Work to be completed: From the records below, transcribe exactly the lines that begin at the line with "line L3 (-20, -20) -> (20, -20)" and end at the line with "L2 L3 L4 L1", both included.

Records for this task:
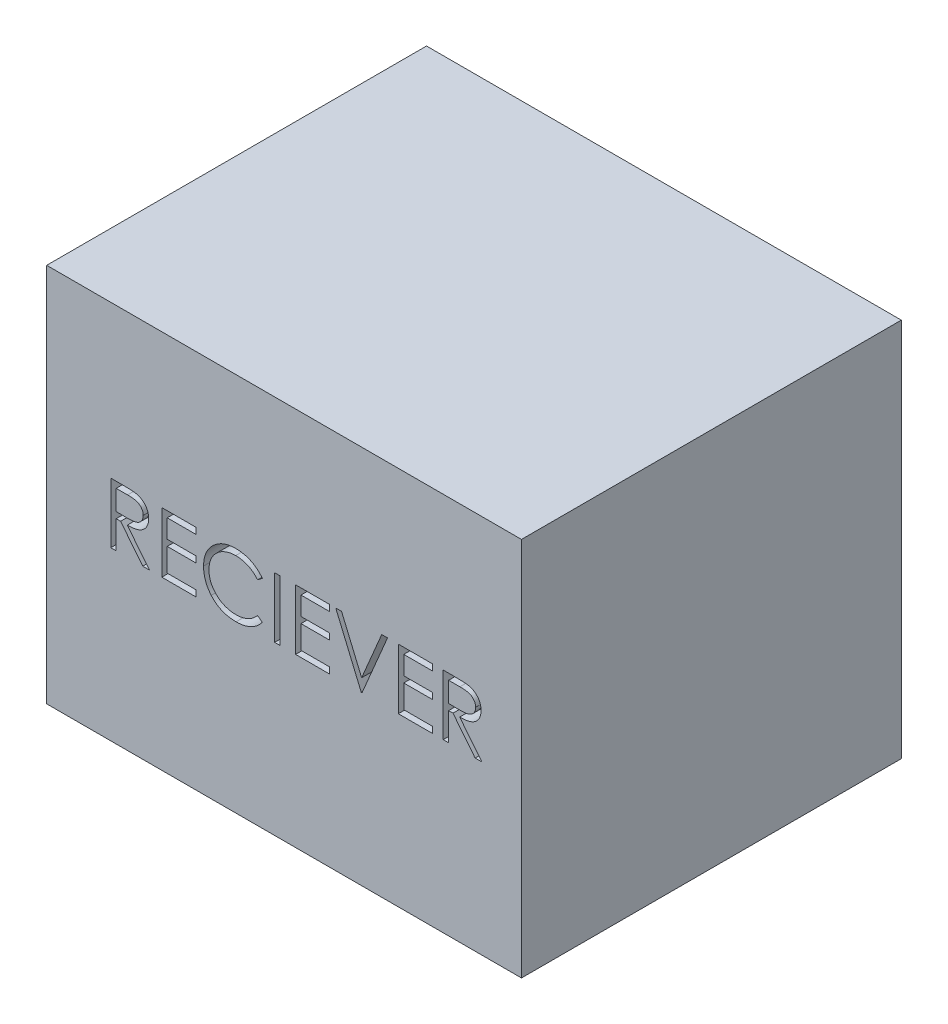
SolidWorks part; units mm, degrees
ref_plane "Front Plane" through (0, 0, 0) normal (0, 0, 1) x (1, 0, 0)
ref_plane "Top Plane" through (0, 0, 0) normal (0, 1, 0) x (1, 0, 0)
ref_plane "Right Plane" through (0, 0, 0) normal (1, 0, 0) x (0, 0, -1)
sketch "Sketch1" plane through (0, 0, 0) normal (1, 0, 0) x (0, 0, -1)
  line L1 (-20, 20) -> (20, 20)
  line L2 (-20, 20) -> (-20, -20)
  line L3 (-20, -20) -> (20, -20)
  line L4 (20, 20) -> (20, -20)
  point P4 (0, 0)
  point P5 (0, 20)
  point P6 (-20, 0)
  dimension "D1" = 40
extrude "Boss-Extrude1" add sketch "Sketch1" along normal mid plane 50 contours L2 L3 L4 L1
sketch "Sketch2" plane through (0, 0, 20) normal (0, 0, 1) x (1, 0, 0)
  text T0 "RECIEVER" font "Century Gothic" height in points 24
extrude "Cut-Extrude1" cut sketch "Sketch2" against normal blind 10

Response area:
  line L3 (-20, -20) -> (20, -20)
  line L4 (20, 20) -> (20, -20)
  point P4 (0, 0)
  point P5 (0, 20)
  point P6 (-20, 0)
  dimension "D1" = 40
extrude "Boss-Extrude1" add sketch "Sketch1" along normal mid plane 50 contours L2 L3 L4 L1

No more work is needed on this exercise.